Can you be more specific as to what you don't like?
Can you nail it down to one set of drivers or is it the system in general.
Are you listening/tuning one set of speakers at a time to get a feel for the range you like them in, don't like them in?

Can you post some new pics of where you're at right now?

Allot of questions I know, but it'll help me/us figure out possible solutions.
Don't give up.


----------



## derek0606 (Dec 1, 2010)

cobra93 said:


> Can you be more specific as to what you don't like?
> Can you nail it down to one set of drivers or is it the system in general.
> Are you listening/tuning one set of speakers at a time to get a feel for the range you like them in, don't like them in?
> 
> ...


I know for a fact that it is the 3" speakers; their performance has diminished to what I think is a blown speaker. There is to much distortion that wasn't there before. It crossed my mind when I bought them but I was feeding them 25W from the amp which is very close to the max.

I balanced the speakers by balancing right and left then proceeded to set the TA and EQ. When I set the gains, I used 75% of the max volume for safety and didn't touch the gain on the 3" because they were being pushed so hard.
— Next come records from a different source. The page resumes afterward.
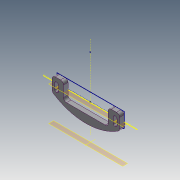
# Autodesk Inventor part: J005684
Saved by Autodesk Inventor 2015 SP1 (Build 190203100, 203)
## iProperties
Created: 2014-12-01
Material: Generic
Vendor: HHMI: JFRC - ID&F
Document SubType Name: Modeling
Designer: ARNOLDJ
Density: 1 g/cm^3
Appearance: Default
Part Number: J005684
Description: SIDE BALL GUIDE
RuleStatus: InUse
AfterDocSave0: file://Part Number Cleaner
DESIGN DEPARTMENT: HHMI: JFRC - ID&F
ALTERED ITEM PART NUMBER: N/A
ALTERED ITEM VENDOR: N/A
ALTERED ITEM DESCRIPTION: N/A
Author: ARNOLDJ
Revision Number: 0
Autodesk Inventor part; units mm, degrees
sketch "Sketch1" plane through (0, 0, 0) normal (0, 0, 1) x (1, 0, 0)
  line L0 (-100.457, 0) -> (100.457, 0) construction
  line L1 (0, 116.967) -> (0, -60.833) construction
  circle A0 centre (-62.4459, 0) radius 3.8354 construction
  circle A1 centre (62.4459, 0) radius 3.8354 construction
  line L2 (-62.4459, 0) -> (62.4459, 0) construction
  line L3 (-71.755, 17.78) -> (71.755, 17.78)
  line L4 (71.755, 17.78) -> (71.755, -13.2195)
  line L5 (-71.755, -13.2195) -> (-71.755, 17.78)
  circle A2 centre (-64.3509, 0) radius 3.8354 construction
  circle A3 centre (-60.5409, 0) radius 3.8354 construction
  line L6 (-64.3559, 3.8354) -> (-60.5409, 3.8354) construction
  line L7 (-64.3763, -3.8353) -> (-60.541, -3.8354) construction
  circle A4 centre (62.4459, 0) radius 3.8354 construction
  arc A5 (-71.755, -13.2195) -> (71.755, -13.2195) centre (0, 91.567) ccw
  line L8 (66.2813, -9.525) -> (58.6105, -9.525)
  line L9 (58.6105, -9.525) -> (58.6105, 9.525)
  line L10 (58.6105, 9.525) -> (66.2813, 9.525)
  line L11 (66.2813, 9.525) -> (66.2813, -9.525)
  line L12 (66.2813, -9.525) -> (58.6105, 9.525) construction
  line L13 (58.6105, -9.525) -> (66.2813, 9.525) construction
  line L14 (-58.6105, -9.525) -> (-66.2813, -9.525)
  line L15 (-66.2813, -9.525) -> (-66.2813, 9.525)
  line L16 (-66.2813, 9.525) -> (-58.6105, 9.525)
  line L17 (-58.6105, 9.525) -> (-58.6105, -9.525)
  line L18 (-58.6105, -9.525) -> (-66.2813, 9.525) construction
  line L19 (-66.2813, -9.525) -> (-58.6105, 9.525) construction
  point P0 (0, 0)
  point P1 (0, 0)
  point P2 (0, 17.78)
  dimension "d0" = 7.6708
  dimension "d1" = 124.8918
  dimension "d2" = 143.51
  dimension "d3" = 17.78
  dimension "d16" = 7.6708
  dimension "d17" = 1.905
  dimension "d18" = 1.905
  dimension "d33" = 127
  dimension "d34" = 19.05
  dimension "d35" = 19.05
  dimension "d36" = 7.6708
  dimension "d37" = 35.433
  constraints: 36 end point, 6 centre point, 6 midpoint, 6 point on circle, 5 coincident, 5 parallel, 4 equal radius, 4 horizontal, 4 point on line, 3 perpendicular, 2 tangent, 1 horizontal alignment, 1 vertical alignment
  measures "d0" diameter of A0
  measures "d1" distance of L2.end L2.start
  measures "d2" distance of L3.start L3.end
  measures "d3" distance from line of L3 point (0, 0)
  measures "d16" diameter of A1
  measures "d17" distance of L2.start A2.centre
  measures "d18" distance of L2.start A3.centre
  measures "d33" radius of A5
  measures "d34" distance of L10.end L8.start
  measures "d35" distance of L16.end L14.start
  measures "d36" distance of L15.end L16.end
  measures "d37" distance edge to line of A5 L2
ref_plane "Work Plane1" through (0, -74.9046, 0) normal (0, 1, 0) x (-1, 0, 0)
ref_plane "Work Plane2" through (0, -1.905, 0) normal (0, 1, 0) x (-1, 0, 0)
extrude "Extrusion1" add sketch "Sketch1" along normal blind 9.525 contours L3 L4 A5 L5 | L8 L9 L10 L11 | L14 L15 L16 L17
extrude "Extrusion3" cut sketch "Sketch1" along normal blind 9.525 contours L8 L9 L10 L11 | L14 L15 L16 L17
sketch "Sketch4" plane through (0, 0, 0) normal (0, 0, 1) x (1, 0, 0)
  line L0 (-71.755, 17.78) -> (71.755, 17.78) projected
  line L1 (-47.625, 17.78) -> (47.625, 17.78)
  line L2 (47.625, 17.78) -> (47.625, -17.78)
  line L3 (47.625, -17.78) -> (-47.625, -17.78)
  line L4 (-47.625, -17.78) -> (-47.625, 17.78)
  line L5 (0, -17.78) -> (0, 17.78) construction
  point P0 (0, 0)
  dimension "d21" = 35.56
  dimension "d22" = 95.25
  dimension "d23" = 0
  constraints: 10 end point, 2 midpoint, 2 parallel, 1 horizontal, 1 perpendicular, 1 point on line
  measures "d21" distance of L3.end L1.start
  measures "d22" distance of L2.end L3.end
  measures "d23" horizontal distance of L5.start point (0, 0)
extrude "Extrusion4" cut sketch "Sketch4" along normal up to next
fillet "Fillet2" radius 6.35 8 edges at (-47.625, -17.78, 4.7625) (-47.625, 17.78, 4.7625) (-71.755, 17.78, 4.7625) (47.625, -17.78, 4.7625) (47.625, 17.78, 4.7625) (71.755, 17.78, 4.7625) (71.755, -13.2195, 4.7625) (-71.755, -13.2195, 4.7625)
fillet "Fillet4" radius 3.175 8 edges at (-66.2813, 9.525, 4.7625) (-58.6105, 9.525, 4.7625) (-58.6105, -9.525, 4.7625) (-66.2813, -9.525, 4.7625) (58.6105, 9.525, 4.7625) (66.2813, 9.525, 4.7625) (66.2813, -9.525, 4.7625) (58.6105, -9.525, 4.7625)
sketch "Sketch5" plane through (0, 0, 0) normal (0, 0, 1) x (1, 0, 0)
  line L0 (-100.457, -1.905) -> (100.457, -1.905) projected
  line L1 (-62.4459, 0) -> (-62.4459, -1.905)
  line L2 (62.4459, 0) -> (62.4459, -1.905)
  point P0 (0, 0)
  constraints: 4 end point, 2 coincident, 2 perpendicular, 2 point on line
body "Solid1"
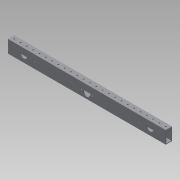
# Autodesk Inventor part: side rail
Saved by Autodesk Inventor 2015 (Build 190159000, 159)
## iProperties
Created: 2015-12-17
Part Number: side rail
Material: Generic
Document SubType Name: Modeling
Designer: Daniel
Density: 1 g/cm^3
Appearance: Default
Author: Daniel
Autodesk Inventor part; units mm, degrees
ref_plane "YZ Plane" through (0, 0, 0) normal (1, 0, 0) x (0, 1, 0)
ref_plane "XZ Plane" through (0, 0, 0) normal (0, 1, 0) x (-1, 0, 0)
ref_plane "XY Plane" through (0, 0, 0) normal (0, 0, 1) x (1, 0, 0)
sketch "Sketch1" plane through (0, 0, 0) normal (1, 0, 0) x (0, 1, 0)
  line L0 (0, 0) -> (50.8, 0)
  line L1 (50.8, 0) -> (50.8, 25.4)
  line L2 (50.8, 25.4) -> (0, 25.4)
  line L3 (0, 25.4) -> (0, 0)
  line L4 (2.54, 22.86) -> (48.26, 22.86)
  line L5 (48.26, 22.86) -> (48.26, 2.54)
  line L6 (48.26, 2.54) -> (2.54, 2.54)
  line L7 (2.54, 2.54) -> (2.54, 22.86)
  dimension "d0" = 50.8
  dimension "d1" = 25.4
  dimension "d2" = 2.54
  constraints: 16 end point, 4 parallel, 2 perpendicular, 1 horizontal, 3 other
  measures "d0" distance of L2.end L1.end
  measures "d1" distance of L1.end L0.end
  measures "d2" distance between parallel lines of L2 L4
extrude "Extrusion1" add sketch "Sketch1" along normal blind 635
sketch "Sketch2" plane through (0, 0, 25.4) normal (0, 0, 1) x (1, 0, 0)
  circle A0 centre (63.5254, 28.575) radius 14.2875
  line L0 (0, 50.8) -> (0, 0) projected
  line L1 (0, 50.8) -> (635, 50.8) projected
  line L2 (0, 0) -> (635, 0) projected
  circle A1 centre (571.4746, 28.575) radius 14.2875
  line L3 (635, 50.8) -> (635, 0) projected
  circle A2 centre (529.8186, 25.4) radius 1.5875
  circle A3 centre (105.1814, 25.4) radius 1.5875
  dimension "d5" = 28.575
  dimension "d6" = 63.5254
  dimension "d8" = 28.575
  dimension "d9" = 28.575
  dimension "d10" = 63.5254
  dimension "d11" = 28.575
  dimension "d12" = 3.175
  dimension "d13" = 41.656
  dimension "d14" = 3.175
  dimension "d15" = 41.656
  dimension "d16" = 25.4
  dimension "d17" = 25.4
  constraints: 4 centre point
  measures "d5" diameter of A0
  measures "d6" distance from line of L0 A0.centre
  measures "d8" distance from line of A0.centre L2
  measures "d9" diameter of A1
  measures "d10" distance from line of A1.centre L3
  measures "d11" distance from line of L2 A1.centre
  measures "d12" diameter of A2
  measures "d13" horizontal distance of A1.centre A2.centre
  measures "d14" diameter of A3
  measures "d15" horizontal distance of A0.centre A3.centre
  measures "d16" distance from line of L2 A3.centre
  measures "d17" distance from line of L2 A2.centre
extrude "Extrusion2" cut sketch "Sketch2" against normal through all contours A0 | A1 | A2 | A3
sketch "Sketch3" plane through (0, 0, 25.4) normal (0, 0, 1) x (1, 0, 0)
  circle A0 centre (317.5, 22.225) radius 14.2875
  line L0 (0, 50.8) -> (635, 50.8) projected
  circle A1 centre (294.9638, 22.225) radius 2.5527
  circle A2 centre (340.0361, 22.225) radius 2.5527
  point P0 (0, 0)
  point P1 (317.5, 50.8)
  dimension "d20" = 28.575
  dimension "d21" = 28.575
  dimension "d36" = 22.5361
  dimension "d37" = 22.5361
  dimension "d38" = 5.1054
  dimension "d39" = 5.1054
  constraints: 3 centre point, 2 coincident, 1 midpoint, 1 vertical alignment
  measures "d20" diameter of A0
  measures "d21" distance from line of L0 A0.centre
  measures "d36" distance of A0.centre point (294.964, 22.225)
  measures "d37" distance of A0.centre point (340.036, 22.225)
  measures "d38" diameter of A1
  measures "d39" diameter of A2
extrude "Extrusion3" cut sketch "Sketch3" against normal through all contours A0
sketch "Sketch4" plane through (0, 50.8, 25.4) normal (0, 1, 0) x (1, 0, 0)
  circle A0 centre (12.7, 12.7) radius 2.54
  line L0 (0, 25.4) -> (0, 0) projected
  line L1 (0, 25.4) -> (635, 25.4) projected
  circle A1 centre (38.1, 12.7) radius 2.54
  circle A2 centre (63.5, 12.7) radius 2.54
  circle A3 centre (88.9, 12.7) radius 2.54
  circle A4 centre (114.3, 12.7) radius 2.54
  circle A5 centre (139.7, 12.7) radius 2.54
  circle A6 centre (165.1, 12.7) radius 2.54
  circle A7 centre (190.5, 12.7) radius 2.54
  circle A8 centre (215.9, 12.7) radius 2.54
  circle A9 centre (241.3, 12.7) radius 2.54
  circle A10 centre (266.7, 12.7) radius 2.54
  circle A11 centre (292.1, 12.7) radius 2.54
  circle A12 centre (317.5, 12.7) radius 2.54
  circle A13 centre (342.9, 12.7) radius 2.54
  circle A14 centre (368.3, 12.7) radius 2.54
  circle A15 centre (393.7, 12.7) radius 2.54
  circle A16 centre (419.1, 12.7) radius 2.54
  circle A17 centre (444.5, 12.7) radius 2.54
  circle A18 centre (469.9, 12.7) radius 2.54
  circle A19 centre (495.3, 12.7) radius 2.54
  circle A20 centre (520.7, 12.7) radius 2.54
  circle A21 centre (546.1, 12.7) radius 2.54
  circle A22 centre (571.5, 12.7) radius 2.54
  circle A23 centre (596.9, 12.7) radius 2.54
  circle A24 centre (622.3, 12.7) radius 2.54
  dimension "d24" = 5.08
  dimension "d25" = 12.7
  dimension "d26" = 12.7
  dimension "d29" = 25.4
  constraints: 25 centre point, 1 horizontal, 48 other
  measures "d24" diameter of A0
  measures "d25" distance from line of L0 A0.centre
  measures "d26" distance from line of L1 A0.centre
  measures "d29" distance of A0.centre A1.centre
extrude "Extrusion4" cut sketch "Sketch4" against normal through all
sketch "Sketch5" plane through (0, 0, 25.4) normal (0, 0, 1) x (1, 0, 0)
  circle A0 centre (294.9638, 22.225) radius 2.54
  circle A1 centre (340.0361, 22.225) radius 2.54
  line L0 (0, 50.8) -> (635, 50.8) projected
  line L1 (294.9638, 22.225) -> (340.0361, 22.225) construction
  point P0 (0, 0)
  point P1 (317.5, 22.225)
  point P2 (317.5, 50.8)
  dimension "d40" = 5.08
  dimension "d41" = 5.08
  dimension "d42" = 28.575
  dimension "d43" = 28.575
  dimension "d44" = 45.0723
  constraints: 2 centre point, 2 end point, 2 midpoint, 1 vertical alignment
  measures "d40" diameter of A0
  measures "d41" diameter of A1
  measures "d42" distance from line of L0 L1.start
  measures "d43" distance from line of L0 L1.end
  measures "d44" distance of L1.start L1.end
extrude "Extrusion5" cut sketch "Sketch5" against normal through all
body "Solid1"

Funny thing is i have heard of people running these things with 50-100 if crossed above 300-400.

So I may shop for a amp and have gave parts express a call about getting them checked out and even rebuilt. Who knows, it may not even be worth it!

So much for trying to use an amp I had laying around... Who knows I will continue to play with it and see what I come up with.

No new pics because I haven't glassed anything... They are just glued rings on a door lol


----------



## cobra93 (Dec 22, 2009)

derek0606 said:


> I know for a fact that it is the 3" speakers; their performance has diminished to what I think is a blown speaker. There is to much distortion that wasn't there before. It crossed my mind when I bought them but I was feeding them 25W from the amp which is very close to the max.
> 
> I balanced the speakers by balancing right and left then proceeded to set the TA and EQ. When I set the gains, I used 75% of the max volume for safety and didn't touch the gain on the 3" because they were being pushed so hard. Funny thing is i have heard of people running these things with 50-100 if crossed above 300-400.
> 
> ...


Well at least you know what you want and what you don't like.
Sucks to loose any equipment, but better a less expensive driver than an amp.

I would question whether anyone is really putting 50-100 watts to these things.
I had 20-25 watts, no crossover, on the W3s and I thought they started to really shriek above that level.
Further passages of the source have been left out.